Sea cual sea el resultado ningún partido sumara lo suficiente para gobernar en solitario, PP y Ciudadanos lo tienen asumido. Quizá al PSOE le cueste más aceptar, caso de ser la opción que pueda formar gobierno, aceptar como socios a la izquierda más radical de nuestra historia democrática. No es que el socialismo no sea radicalizado, que así ha sido desde que Pedro Sánchez campa por el mundo, pero Susana Díaz hasta ahora había intentado vacunarse contra las políticas de su jefe de filas.

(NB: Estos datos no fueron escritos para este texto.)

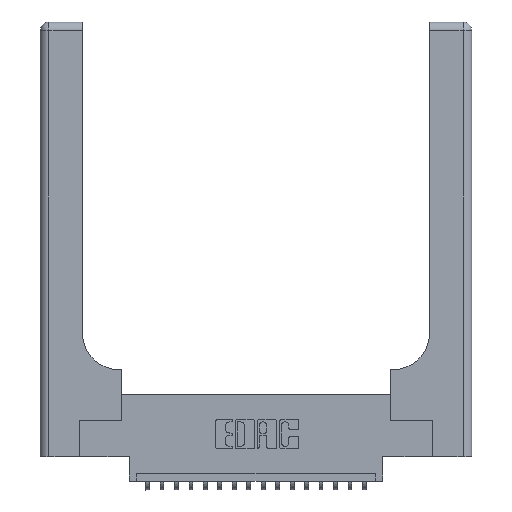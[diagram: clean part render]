
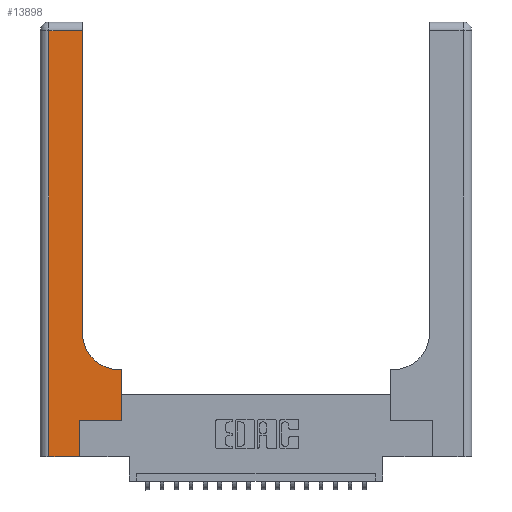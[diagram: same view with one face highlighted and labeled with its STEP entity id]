
A CAD part, top view. The second image highlights one B-rep face of the part: STEP entity #13898.
In plain terms, the highlighted planar face has unit normal (0, 0, 1).
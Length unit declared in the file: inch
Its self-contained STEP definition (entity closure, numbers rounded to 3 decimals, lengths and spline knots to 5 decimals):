
#231 = VECTOR ( 'NONE', #6847, 39.37008 ) ;
#473 = CARTESIAN_POINT ( 'NONE',  ( 0.2915, 2.94, 0.37 ) ) ;
#614 = CARTESIAN_POINT ( 'NONE',  ( 0.06, 3., 0.37 ) ) ;
#868 = VERTEX_POINT ( 'NONE', #18515 ) ;
#1241 = LINE ( 'NONE', #16861, #231 ) ;
#1296 = ORIENTED_EDGE ( 'NONE', *, *, #9150, .T. ) ;
#1561 = EDGE_CURVE ( 'NONE', #8633, #7390, #8445, .T. ) ;
#2115 = DIRECTION ( 'NONE',  ( 0., 1., 0. ) ) ;
#2668 = FACE_OUTER_BOUND ( 'NONE', #20122, .T. ) ;
#3247 = VECTOR ( 'NONE', #14038, 39.37008 ) ;
#3773 = EDGE_CURVE ( 'NONE', #12806, #15141, #11836, .T. ) ;
#3840 = ORIENTED_EDGE ( 'NONE', *, *, #7219, .T. ) ;
#3892 = DIRECTION ( 'NONE',  ( 0., 1., 0. ) ) ;
#4243 = ORIENTED_EDGE ( 'NONE', *, *, #4520, .T. ) ;
#4520 = EDGE_CURVE ( 'NONE', #15141, #18937, #17927, .T. ) ;
#5105 = VECTOR ( 'NONE', #11703, 39.37008 ) ;
#5111 = CARTESIAN_POINT ( 'NONE',  ( 0.5585, 0.25, 0.37 ) ) ;
#5189 = DIRECTION ( 'NONE',  ( -1., 0., 0. ) ) ;
#5245 = CARTESIAN_POINT ( 'NONE',  ( 0.5415, 0.6, 0.37 ) ) ;
#5457 = ORIENTED_EDGE ( 'NONE', *, *, #18354, .T. ) ;
#5639 = CARTESIAN_POINT ( 'NONE',  ( 0.2915, 0.6, 0.37 ) ) ;
#6421 = AXIS2_PLACEMENT_3D ( 'NONE', #18688, #13962, #15593 ) ;
#6538 = VERTEX_POINT ( 'NONE', #19699 ) ;
#6847 = DIRECTION ( 'NONE',  ( 0., 1., 0. ) ) ;
#7161 = ORIENTED_EDGE ( 'NONE', *, *, #1561, .T. ) ;
#7219 = EDGE_CURVE ( 'NONE', #14625, #12806, #7644, .T. ) ;
#7390 = VERTEX_POINT ( 'NONE', #18236 ) ;
#7644 = LINE ( 'NONE', #8283, #16053 ) ;
#8249 = CARTESIAN_POINT ( 'NONE',  ( 0.269, 0.25, 0.37 ) ) ;
#8283 = CARTESIAN_POINT ( 'NONE',  ( 0., 2.94, 0.37 ) ) ;
#8445 = CIRCLE ( 'NONE', #6421, 0.25 ) ;
#8633 = VERTEX_POINT ( 'NONE', #5245 ) ;
#8658 = VECTOR ( 'NONE', #10649, 39.37008 ) ;
#8990 = CARTESIAN_POINT ( 'NONE',  ( 0., 3., 0.37 ) ) ;
#9150 = EDGE_CURVE ( 'NONE', #18937, #6538, #17283, .T. ) ;
#9480 = EDGE_CURVE ( 'NONE', #11817, #8633, #13695, .T. ) ;
#10521 = PLANE ( 'NONE',  #12867 ) ;
#10649 = DIRECTION ( 'NONE',  ( -1., 0., 0. ) ) ;
#11703 = DIRECTION ( 'NONE',  ( 1., 0., 0. ) ) ;
#11770 = CARTESIAN_POINT ( 'NONE',  ( 0.269, 0., 0.37 ) ) ;
#11817 = VERTEX_POINT ( 'NONE', #13380 ) ;
#11836 = LINE ( 'NONE', #614, #3247 ) ;
#11918 = CARTESIAN_POINT ( 'NONE',  ( 0.06, 2.94, 0.37 ) ) ;
#12622 = ORIENTED_EDGE ( 'NONE', *, *, #3773, .T. ) ;
#12806 = VERTEX_POINT ( 'NONE', #11918 ) ;
#12867 = AXIS2_PLACEMENT_3D ( 'NONE', #8990, #18726, #18797 ) ;
#13380 = CARTESIAN_POINT ( 'NONE',  ( 0.5585, 0.6, 0.37 ) ) ;
#13695 = LINE ( 'NONE', #5639, #8658 ) ;
#13898 = ADVANCED_FACE ( 'NONE', ( #2668 ), #10521, .F. ) ;
#13962 = DIRECTION ( 'NONE',  ( 0., 0., -1. ) ) ;
#14038 = DIRECTION ( 'NONE',  ( 0., -1., 0. ) ) ;
#14471 = CARTESIAN_POINT ( 'NONE',  ( 0.269, 0., 0.37 ) ) ;
#14625 = VERTEX_POINT ( 'NONE', #473 ) ;
#14759 = VECTOR ( 'NONE', #3892, 39.37008 ) ;
#14888 = ORIENTED_EDGE ( 'NONE', *, *, #14911, .T. ) ;
#14911 = EDGE_CURVE ( 'NONE', #6538, #868, #20826, .T. ) ;
#15141 = VERTEX_POINT ( 'NONE', #19435 ) ;
#15399 = DIRECTION ( 'NONE',  ( 1., 0., 0. ) ) ;
#15593 = DIRECTION ( 'NONE',  ( 1., 0., 0. ) ) ;
#16053 = VECTOR ( 'NONE', #5189, 39.37008 ) ;
#16827 = ORIENTED_EDGE ( 'NONE', *, *, #9480, .T. ) ;
#16861 = CARTESIAN_POINT ( 'NONE',  ( 0.2915, 3., 0.37 ) ) ;
#16925 = ORIENTED_EDGE ( 'NONE', *, *, #17198, .T. ) ;
#17021 = CARTESIAN_POINT ( 'NONE',  ( 0., 0., 0.37 ) ) ;
#17198 = EDGE_CURVE ( 'NONE', #7390, #14625, #1241, .T. ) ;
#17283 = LINE ( 'NONE', #11770, #14759 ) ;
#17649 = LINE ( 'NONE', #5111, #20668 ) ;
#17927 = LINE ( 'NONE', #17021, #20697 ) ;
#18236 = CARTESIAN_POINT ( 'NONE',  ( 0.2915, 0.85, 0.37 ) ) ;
#18354 = EDGE_CURVE ( 'NONE', #868, #11817, #17649, .T. ) ;
#18515 = CARTESIAN_POINT ( 'NONE',  ( 0.5585, 0.25, 0.37 ) ) ;
#18688 = CARTESIAN_POINT ( 'NONE',  ( 0.5415, 0.85, 0.37 ) ) ;
#18726 = DIRECTION ( 'NONE',  ( 0., 0., -1. ) ) ;
#18797 = DIRECTION ( 'NONE',  ( -1., 0., 0. ) ) ;
#18937 = VERTEX_POINT ( 'NONE', #14471 ) ;
#19435 = CARTESIAN_POINT ( 'NONE',  ( 0.06, 0., 0.37 ) ) ;
#19699 = CARTESIAN_POINT ( 'NONE',  ( 0.269, 0.25, 0.37 ) ) ;
#20122 = EDGE_LOOP ( 'NONE', ( #16925, #3840, #12622, #4243, #1296, #14888, #5457, #16827, #7161 ) ) ;
#20668 = VECTOR ( 'NONE', #2115, 39.37008 ) ;
#20697 = VECTOR ( 'NONE', #15399, 39.37008 ) ;
#20826 = LINE ( 'NONE', #8249, #5105 ) ;

A partir del domingo nada será igual para PP y PSOE. Los primeros o logran formar gobierno o han de reflexionar qué han hecho o dejado de hacer para no poder derrotar al socialismo andaluz en cuarenta años. Los segundos si no forman gobierno supondrá el fin de un ciclo acompañado de la tragedia personal de cientos de personas que carnet en boca llevan ocupando puestos de gestión, o mala gestión, durante años en las instituciones andaluzas, quizás suba el paro algunas décimas en nuestra comunidad, porque son un ejército bien numeroso. Para el PSOE formar gobierno sería una victoria agridulce. Podemos no iba a ser tan complaciente con el socialismo como lo ha venido siendo Ciudadanos estos últimos años. Las políticas de izquierda radical, de autodeterminación, de ninguneo a nuestra bandera e instituciones constitucionales iban a marcar la pauta de los próximos cuatro años en Andalucía, una comunidad mal gestionada históricamente por quien ha gobernado hasta ahora, pero con un futuro menos esperanzador si quien va a manejar nuestras cuentas, inversiones y redistribuir la riqueza son los del discurso trasnochado que ya ha fracasado en Venezuela y otros países. Aún no hay nada decidido, queda partido, si bien la suerte está echada, pero las cartas no están levantadas, esperemos al domingo.